== TRY IT ==
Would you output the entries below only from the line containing "#112=ORIENTED_EDGE('',*,*,#102,.T.);" through the line containing "#120=CARTESIAN_POINT('',(65.,0.,-71.2230338790126));", exactly as they stand and with both ends included?

_ _ _ _

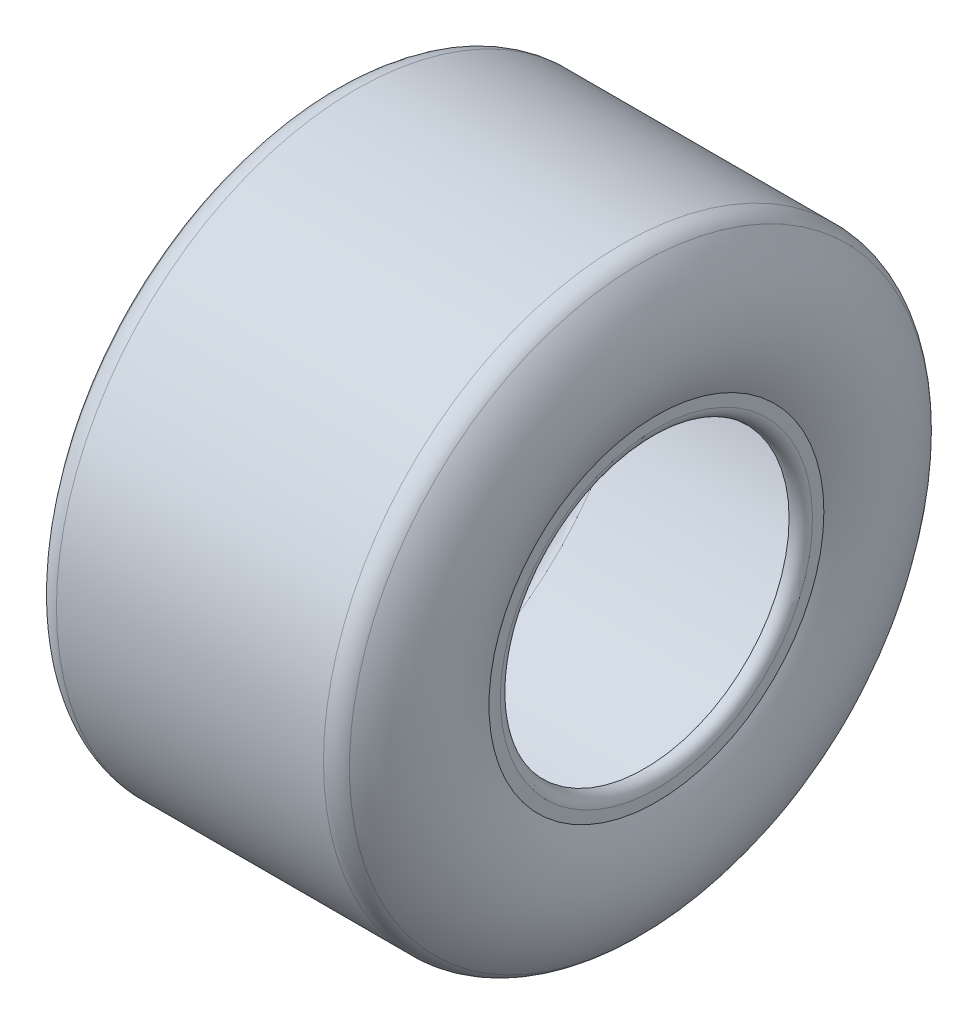
ISO-10303-21;
HEADER;
FILE_DESCRIPTION(('STEP AP214'),'2;1');
FILE_NAME('part.step','',(''),(''),'','','');
FILE_SCHEMA(('AUTOMOTIVE_DESIGN { 1 0 10303 214 1 1 1 1 }'));
ENDSEC;
DATA;
#1=APPLICATION_CONTEXT('core data for automotive mechanical design processes');
#2=APPLICATION_PROTOCOL_DEFINITION('international standard','automotive_design',2000,#1);
#3=PRODUCT_CONTEXT('',#1,'mechanical');
#4=PRODUCT('Part','Part','',(#3));
#5=PRODUCT_RELATED_PRODUCT_CATEGORY('part','',(#4));
#6=PRODUCT_DEFINITION_FORMATION('','',#4);
#7=PRODUCT_DEFINITION_CONTEXT('part definition',#1,'design');
#8=PRODUCT_DEFINITION('design','',#6,#7);
#9=PRODUCT_DEFINITION_SHAPE('','',#8);
#10=(LENGTH_UNIT() NAMED_UNIT(*) SI_UNIT(.MILLI.,.METRE.));
#11=(NAMED_UNIT(*) PLANE_ANGLE_UNIT() SI_UNIT($,.RADIAN.));
#12=(NAMED_UNIT(*) SI_UNIT($,.STERADIAN.) SOLID_ANGLE_UNIT());
#13=UNCERTAINTY_MEASURE_WITH_UNIT(LENGTH_MEASURE(1.E-05),#10,'distance_accuracy_value','');
#14=(GEOMETRIC_REPRESENTATION_CONTEXT(3) GLOBAL_UNCERTAINTY_ASSIGNED_CONTEXT((#13)) GLOBAL_UNIT_ASSIGNED_CONTEXT((#10,
#11,#12)) REPRESENTATION_CONTEXT('',''));
#15=CARTESIAN_POINT('',(0.,0.,0.));
#16=DIRECTION('',(0.,0.,1.));
#17=DIRECTION('',(1.,0.,0.));
#18=AXIS2_PLACEMENT_3D('',#15,#16,#17);
#19=CARTESIAN_POINT('',(55.8152266644166,0.,0.));
#20=DIRECTION('',(1.,0.,0.));
#21=DIRECTION('',(0.,0.,-1.));
#22=AXIS2_PLACEMENT_3D('',#19,#20,#21);
#23=TOROIDAL_SURFACE('',#22,115.,10.);
#24=CARTESIAN_POINT('',(55.8152266644166,0.,0.));
#25=DIRECTION('',(1.,0.,0.));
#26=DIRECTION('',(0.,0.,-1.));
#27=AXIS2_PLACEMENT_3D('',#24,#25,#26);
#28=CIRCLE('',#27,125.);
#29=CARTESIAN_POINT('',(55.8152266644166,0.,-125.));
#30=VERTEX_POINT('',#29);
#31=EDGE_CURVE('E10',#30,#30,#28,.T.);
#32=ORIENTED_EDGE('',*,*,#31,.T.);
#33=EDGE_LOOP('',(#32));
#34=FACE_BOUND('',#33,.T.);
#35=CARTESIAN_POINT('',(63.3059142321507,0.,0.));
#36=DIRECTION('',(1.,0.,0.));
#37=DIRECTION('',(0.,0.,-1.));
#38=AXIS2_PLACEMENT_3D('',#35,#36,#37);
#39=CIRCLE('',#38,121.62492262314);
#40=CARTESIAN_POINT('',(63.3059142321507,0.,-121.62492262314));
#41=VERTEX_POINT('',#40);
#42=EDGE_CURVE('E40',#41,#41,#39,.T.);
#43=ORIENTED_EDGE('',*,*,#42,.F.);
#44=EDGE_LOOP('',(#43));
#45=FACE_BOUND('',#44,.T.);
#46=ADVANCED_FACE('F34',(#34,#45),#23,.T.);
#47=CARTESIAN_POINT('',(28.5310288243146,0.,0.));
#48=DIRECTION('',(1.,0.,0.));
#49=DIRECTION('',(0.,0.,-1.));
#50=AXIS2_PLACEMENT_3D('',#47,#48,#49);
#51=TOROIDAL_SURFACE('',#50,90.8692779680572,46.4241567858574);
#52=ORIENTED_EDGE('',*,*,#42,.T.);
#53=EDGE_LOOP('',(#52));
#54=FACE_BOUND('',#53,.T.);
#55=CARTESIAN_POINT('',(70.,0.,0.));
#56=DIRECTION('',(1.,0.,0.));
#57=DIRECTION('',(0.,0.,-1.));
#58=AXIS2_PLACEMENT_3D('',#55,#56,#57);
#59=CIRCLE('',#58,70.);
#60=CARTESIAN_POINT('',(70.,0.,-70.));
#61=VERTEX_POINT('',#60);
#62=EDGE_CURVE('E44',#61,#61,#59,.T.);
#63=ORIENTED_EDGE('',*,*,#62,.F.);
#64=EDGE_LOOP('',(#63));
#65=FACE_BOUND('',#64,.T.);
#66=ADVANCED_FACE('F107',(#54,#65),#51,.T.);
#67=CARTESIAN_POINT('',(70.,70.,0.));
#68=DIRECTION('',(1.,0.,0.));
#69=DIRECTION('',(0.,0.,-1.));
#70=AXIS2_PLACEMENT_3D('',#67,#68,#69);
#71=PLANE('',#70);
#72=ORIENTED_EDGE('',*,*,#62,.T.);
#73=EDGE_LOOP('',(#72));
#74=FACE_BOUND('',#73,.T.);
#75=CARTESIAN_POINT('',(70.,0.,0.));
#76=DIRECTION('',(1.,0.,0.));
#77=DIRECTION('',(0.,0.,-1.));
#78=AXIS2_PLACEMENT_3D('',#75,#76,#77);
#79=CIRCLE('',#78,65.23);
#80=CARTESIAN_POINT('',(70.,0.,-65.23));
#81=VERTEX_POINT('',#80);
#82=EDGE_CURVE('E48',#81,#81,#79,.T.);
#83=ORIENTED_EDGE('',*,*,#82,.F.);
#84=EDGE_LOOP('',(#83));
#85=FACE_BOUND('',#84,.T.);
#86=ADVANCED_FACE('F111',(#74,#85),#71,.T.);
#87=CARTESIAN_POINT('',(65.115,0.,0.));
#88=DIRECTION('',(1.,0.,0.));
#89=DIRECTION('',(0.,0.,-1.));
#90=AXIS2_PLACEMENT_3D('',#87,#88,#89);
#91=TOROIDAL_SURFACE('',#90,65.345,4.88635344607817);
#92=ORIENTED_EDGE('',*,*,#82,.T.);
#93=EDGE_LOOP('',(#92));
#94=FACE_BOUND('',#93,.T.);
#95=CARTESIAN_POINT('',(65.,0.,0.));
#96=DIRECTION('',(1.,0.,0.));
#97=DIRECTION('',(0.,0.,-1.));
#98=AXIS2_PLACEMENT_3D('',#95,#96,#97);
#99=CIRCLE('',#98,60.46);
#100=CARTESIAN_POINT('',(65.,0.,-60.46));
#101=VERTEX_POINT('',#100);
#102=EDGE_CURVE('E53',#101,#101,#99,.T.);
#103=ORIENTED_EDGE('',*,*,#102,.F.);
#104=EDGE_LOOP('',(#103));
#105=FACE_BOUND('',#104,.T.);
#106=ADVANCED_FACE('F116',(#94,#105),#91,.T.);
#107=CARTESIAN_POINT('',(65.,71.2230338790126,0.));
#108=DIRECTION('',(-1.,0.,0.));
#109=DIRECTION('',(0.,0.,1.));
#110=AXIS2_PLACEMENT_3D('',#107,#108,#109);
#111=PLANE('',#110);
#112=ORIENTED_EDGE('',*,*,#102,.T.);
#113=EDGE_LOOP('',(#112));
#114=FACE_BOUND('',#113,.T.);
#115=CARTESIAN_POINT('',(65.,0.,0.));
#116=DIRECTION('',(1.,0.,0.));
#117=DIRECTION('',(0.,0.,-1.));
#118=AXIS2_PLACEMENT_3D('',#115,#116,#117);
#119=CIRCLE('',#118,71.2230338790126);
#120=CARTESIAN_POINT('',(65.,0.,-71.2230338790126));
#121=VERTEX_POINT('',#120);
#122=EDGE_CURVE('E56',#121,#121,#119,.T.);
#123=ORIENTED_EDGE('',*,*,#122,.F.);
#124=EDGE_LOOP('',(#123));
#125=FACE_BOUND('',#124,.T.);
#126=ADVANCED_FACE('F123',(#114,#125),#111,.T.);
#127=CARTESIAN_POINT('',(28.5310288243146,0.,0.));
#128=DIRECTION('',(1.,0.,0.));
#129=DIRECTION('',(0.,0.,-1.));
#130=AXIS2_PLACEMENT_3D('',#127,#128,#129);
#131=TOROIDAL_SURFACE('',#130,90.8692779680572,41.4241567858574);
#132=ORIENTED_EDGE('',*,*,#122,.T.);
#133=EDGE_LOOP('',(#132));
#134=FACE_BOUND('',#133,.T.);
#135=CARTESIAN_POINT('',(59.5605704482837,0.,0.));
#136=DIRECTION('',(1.,0.,0.));
#137=DIRECTION('',(0.,0.,-1.));
#138=AXIS2_PLACEMENT_3D('',#135,#136,#137);
#139=CIRCLE('',#138,118.31246131157);
#140=CARTESIAN_POINT('',(59.5605704482837,0.,-118.31246131157));
#141=VERTEX_POINT('',#140);
#142=EDGE_CURVE('E59',#141,#141,#139,.T.);
#143=ORIENTED_EDGE('',*,*,#142,.F.);
#144=EDGE_LOOP('',(#143));
#145=FACE_BOUND('',#144,.T.);
#146=ADVANCED_FACE('F127',(#134,#145),#131,.F.);
#147=CARTESIAN_POINT('',(55.8152266644166,0.,0.));
#148=DIRECTION('',(1.,0.,0.));
#149=DIRECTION('',(0.,0.,-1.));
#150=AXIS2_PLACEMENT_3D('',#147,#148,#149);
#151=TOROIDAL_SURFACE('',#150,115.,5.);
#152=ORIENTED_EDGE('',*,*,#142,.T.);
#153=EDGE_LOOP('',(#152));
#154=FACE_BOUND('',#153,.T.);
#155=CARTESIAN_POINT('',(55.8152266644166,0.,0.));
#156=DIRECTION('',(1.,0.,0.));
#157=DIRECTION('',(0.,0.,-1.));
#158=AXIS2_PLACEMENT_3D('',#155,#156,#157);
#159=CIRCLE('',#158,120.);
#160=CARTESIAN_POINT('',(55.8152266644166,0.,-120.));
#161=VERTEX_POINT('',#160);
#162=EDGE_CURVE('E62',#161,#161,#159,.T.);
#163=ORIENTED_EDGE('',*,*,#162,.F.);
#164=EDGE_LOOP('',(#163));
#165=FACE_BOUND('',#164,.T.);
#166=ADVANCED_FACE('F131',(#154,#165),#151,.F.);
#167=CARTESIAN_POINT('',(0.,0.,0.));
#168=DIRECTION('',(1.,0.,0.));
#169=DIRECTION('',(0.,0.,-1.));
#170=AXIS2_PLACEMENT_3D('',#167,#168,#169);
#171=CYLINDRICAL_SURFACE('',#170,120.);
#172=ORIENTED_EDGE('',*,*,#162,.T.);
#173=EDGE_LOOP('',(#172));
#174=FACE_BOUND('',#173,.T.);
#175=CARTESIAN_POINT('',(-55.8152266644166,0.,0.));
#176=DIRECTION('',(1.,0.,0.));
#177=DIRECTION('',(0.,0.,-1.));
#178=AXIS2_PLACEMENT_3D('',#175,#176,#177);
#179=CIRCLE('',#178,120.);
#180=CARTESIAN_POINT('',(-55.8152266644166,0.,-120.));
#181=VERTEX_POINT('',#180);
#182=EDGE_CURVE('E65',#181,#181,#179,.T.);
#183=ORIENTED_EDGE('',*,*,#182,.F.);
#184=EDGE_LOOP('',(#183));
#185=FACE_BOUND('',#184,.T.);
#186=ADVANCED_FACE('F135',(#174,#185),#171,.F.);
#187=CARTESIAN_POINT('',(-55.8152266644166,0.,0.));
#188=DIRECTION('',(1.,0.,0.));
#189=DIRECTION('',(0.,0.,-1.));
#190=AXIS2_PLACEMENT_3D('',#187,#188,#189);
#191=TOROIDAL_SURFACE('',#190,115.,5.);
#192=ORIENTED_EDGE('',*,*,#182,.T.);
#193=EDGE_LOOP('',(#192));
#194=FACE_BOUND('',#193,.T.);
#195=CARTESIAN_POINT('',(-59.5605704482837,0.,0.));
#196=DIRECTION('',(1.,0.,0.));
#197=DIRECTION('',(0.,0.,-1.));
#198=AXIS2_PLACEMENT_3D('',#195,#196,#197);
#199=CIRCLE('',#198,118.31246131157);
#200=CARTESIAN_POINT('',(-59.5605704482837,0.,-118.31246131157));
#201=VERTEX_POINT('',#200);
#202=EDGE_CURVE('E68',#201,#201,#199,.T.);
#203=ORIENTED_EDGE('',*,*,#202,.F.);
#204=EDGE_LOOP('',(#203));
#205=FACE_BOUND('',#204,.T.);
#206=ADVANCED_FACE('F139',(#194,#205),#191,.F.);
#207=CARTESIAN_POINT('',(-28.5310288243146,0.,0.));
#208=DIRECTION('',(1.,0.,0.));
#209=DIRECTION('',(0.,0.,-1.));
#210=AXIS2_PLACEMENT_3D('',#207,#208,#209);
#211=TOROIDAL_SURFACE('',#210,90.8692779680572,41.4241567858574);
#212=ORIENTED_EDGE('',*,*,#202,.T.);
#213=EDGE_LOOP('',(#212));
#214=FACE_BOUND('',#213,.T.);
#215=CARTESIAN_POINT('',(-65.,0.,0.));
#216=DIRECTION('',(1.,0.,0.));
#217=DIRECTION('',(0.,0.,-1.));
#218=AXIS2_PLACEMENT_3D('',#215,#216,#217);
#219=CIRCLE('',#218,71.2230338790126);
#220=CARTESIAN_POINT('',(-65.,0.,-71.2230338790126));
#221=VERTEX_POINT('',#220);
#222=EDGE_CURVE('E71',#221,#221,#219,.T.);
#223=ORIENTED_EDGE('',*,*,#222,.F.);
#224=EDGE_LOOP('',(#223));
#225=FACE_BOUND('',#224,.T.);
#226=ADVANCED_FACE('F143',(#214,#225),#211,.F.);
#227=CARTESIAN_POINT('',(-65.,71.2230338790126,0.));
#228=DIRECTION('',(1.,0.,0.));
#229=DIRECTION('',(0.,0.,-1.));
#230=AXIS2_PLACEMENT_3D('',#227,#228,#229);
#231=PLANE('',#230);
#232=ORIENTED_EDGE('',*,*,#222,.T.);
#233=EDGE_LOOP('',(#232));
#234=FACE_BOUND('',#233,.T.);
#235=CARTESIAN_POINT('',(-65.,0.,0.));
#236=DIRECTION('',(1.,0.,0.));
#237=DIRECTION('',(0.,0.,-1.));
#238=AXIS2_PLACEMENT_3D('',#235,#236,#237);
#239=CIRCLE('',#238,60.46);
#240=CARTESIAN_POINT('',(-65.,0.,-60.46));
#241=VERTEX_POINT('',#240);
#242=EDGE_CURVE('E74',#241,#241,#239,.T.);
#243=ORIENTED_EDGE('',*,*,#242,.F.);
#244=EDGE_LOOP('',(#243));
#245=FACE_BOUND('',#244,.T.);
#246=ADVANCED_FACE('F147',(#234,#245),#231,.T.);
#247=CARTESIAN_POINT('',(-65.115,0.,0.));
#248=DIRECTION('',(1.,0.,0.));
#249=DIRECTION('',(0.,0.,-1.));
#250=AXIS2_PLACEMENT_3D('',#247,#248,#249);
#251=TOROIDAL_SURFACE('',#250,65.345,4.88635344607817);
#252=ORIENTED_EDGE('',*,*,#242,.T.);
#253=EDGE_LOOP('',(#252));
#254=FACE_BOUND('',#253,.T.);
#255=CARTESIAN_POINT('',(-70.,0.,0.));
#256=DIRECTION('',(1.,0.,0.));
#257=DIRECTION('',(0.,0.,-1.));
#258=AXIS2_PLACEMENT_3D('',#255,#256,#257);
#259=CIRCLE('',#258,65.23);
#260=CARTESIAN_POINT('',(-70.,0.,-65.23));
#261=VERTEX_POINT('',#260);
#262=EDGE_CURVE('E77',#261,#261,#259,.T.);
#263=ORIENTED_EDGE('',*,*,#262,.F.);
#264=EDGE_LOOP('',(#263));
#265=FACE_BOUND('',#264,.T.);
#266=ADVANCED_FACE('F151',(#254,#265),#251,.T.);
#267=CARTESIAN_POINT('',(-70.,70.,0.));
#268=DIRECTION('',(-1.,0.,0.));
#269=DIRECTION('',(0.,0.,1.));
#270=AXIS2_PLACEMENT_3D('',#267,#268,#269);
#271=PLANE('',#270);
#272=ORIENTED_EDGE('',*,*,#262,.T.);
#273=EDGE_LOOP('',(#272));
#274=FACE_BOUND('',#273,.T.);
#275=CARTESIAN_POINT('',(-70.,0.,0.));
#276=DIRECTION('',(1.,0.,0.));
#277=DIRECTION('',(0.,0.,-1.));
#278=AXIS2_PLACEMENT_3D('',#275,#276,#277);
#279=CIRCLE('',#278,70.);
#280=CARTESIAN_POINT('',(-70.,0.,-70.));
#281=VERTEX_POINT('',#280);
#282=EDGE_CURVE('E80',#281,#281,#279,.T.);
#283=ORIENTED_EDGE('',*,*,#282,.F.);
#284=EDGE_LOOP('',(#283));
#285=FACE_BOUND('',#284,.T.);
#286=ADVANCED_FACE('F103',(#274,#285),#271,.T.);
#287=CARTESIAN_POINT('',(-28.5310288243146,0.,0.));
#288=DIRECTION('',(1.,0.,0.));
#289=DIRECTION('',(0.,0.,-1.));
#290=AXIS2_PLACEMENT_3D('',#287,#288,#289);
#291=TOROIDAL_SURFACE('',#290,90.8692779680572,46.4241567858574);
#292=ORIENTED_EDGE('',*,*,#282,.T.);
#293=EDGE_LOOP('',(#292));
#294=FACE_BOUND('',#293,.T.);
#295=CARTESIAN_POINT('',(-63.3059142321507,0.,0.));
#296=DIRECTION('',(1.,0.,0.));
#297=DIRECTION('',(0.,0.,-1.));
#298=AXIS2_PLACEMENT_3D('',#295,#296,#297);
#299=CIRCLE('',#298,121.62492262314);
#300=CARTESIAN_POINT('',(-63.3059142321507,0.,-121.62492262314));
#301=VERTEX_POINT('',#300);
#302=EDGE_CURVE('E83',#301,#301,#299,.T.);
#303=ORIENTED_EDGE('',*,*,#302,.F.);
#304=EDGE_LOOP('',(#303));
#305=FACE_BOUND('',#304,.T.);
#306=ADVANCED_FACE('F95',(#294,#305),#291,.T.);
#307=CARTESIAN_POINT('',(-55.8152266644166,0.,0.));
#308=DIRECTION('',(1.,0.,0.));
#309=DIRECTION('',(0.,0.,-1.));
#310=AXIS2_PLACEMENT_3D('',#307,#308,#309);
#311=TOROIDAL_SURFACE('',#310,115.,10.);
#312=ORIENTED_EDGE('',*,*,#302,.T.);
#313=EDGE_LOOP('',(#312));
#314=FACE_BOUND('',#313,.T.);
#315=CARTESIAN_POINT('',(-55.8152266644166,0.,0.));
#316=DIRECTION('',(1.,0.,0.));
#317=DIRECTION('',(0.,0.,-1.));
#318=AXIS2_PLACEMENT_3D('',#315,#316,#317);
#319=CIRCLE('',#318,125.);
#320=CARTESIAN_POINT('',(-55.8152266644166,0.,-125.));
#321=VERTEX_POINT('',#320);
#322=EDGE_CURVE('E86',#321,#321,#319,.T.);
#323=ORIENTED_EDGE('',*,*,#322,.F.);
#324=EDGE_LOOP('',(#323));
#325=FACE_BOUND('',#324,.T.);
#326=ADVANCED_FACE('F93',(#314,#325),#311,.T.);
#327=CARTESIAN_POINT('',(0.,0.,0.));
#328=DIRECTION('',(1.,0.,0.));
#329=DIRECTION('',(0.,0.,-1.));
#330=AXIS2_PLACEMENT_3D('',#327,#328,#329);
#331=CYLINDRICAL_SURFACE('',#330,125.);
#332=ORIENTED_EDGE('',*,*,#322,.T.);
#333=EDGE_LOOP('',(#332));
#334=FACE_BOUND('',#333,.T.);
#335=ORIENTED_EDGE('',*,*,#31,.F.);
#336=EDGE_LOOP('',(#335));
#337=FACE_BOUND('',#336,.T.);
#338=ADVANCED_FACE('F90',(#334,#337),#331,.T.);
#339=CLOSED_SHELL('',(#46,#66,#86,#106,#126,#146,#166,#186,#206,#226,#246,#266,#286,#306,#326,#338));
#340=MANIFOLD_SOLID_BREP('B2',#339);
#341=ADVANCED_BREP_SHAPE_REPRESENTATION('',(#18,#340),#14);
#342=SHAPE_DEFINITION_REPRESENTATION(#9,#341);
ENDSEC;
END-ISO-10303-21;

_ _ _ _

== TASK SOLUTION ==
#112=ORIENTED_EDGE('',*,*,#102,.T.);
#113=EDGE_LOOP('',(#112));
#114=FACE_BOUND('',#113,.T.);
#115=CARTESIAN_POINT('',(65.,0.,0.));
#116=DIRECTION('',(1.,0.,0.));
#117=DIRECTION('',(0.,0.,-1.));
#118=AXIS2_PLACEMENT_3D('',#115,#116,#117);
#119=CIRCLE('',#118,71.2230338790126);
#120=CARTESIAN_POINT('',(65.,0.,-71.2230338790126));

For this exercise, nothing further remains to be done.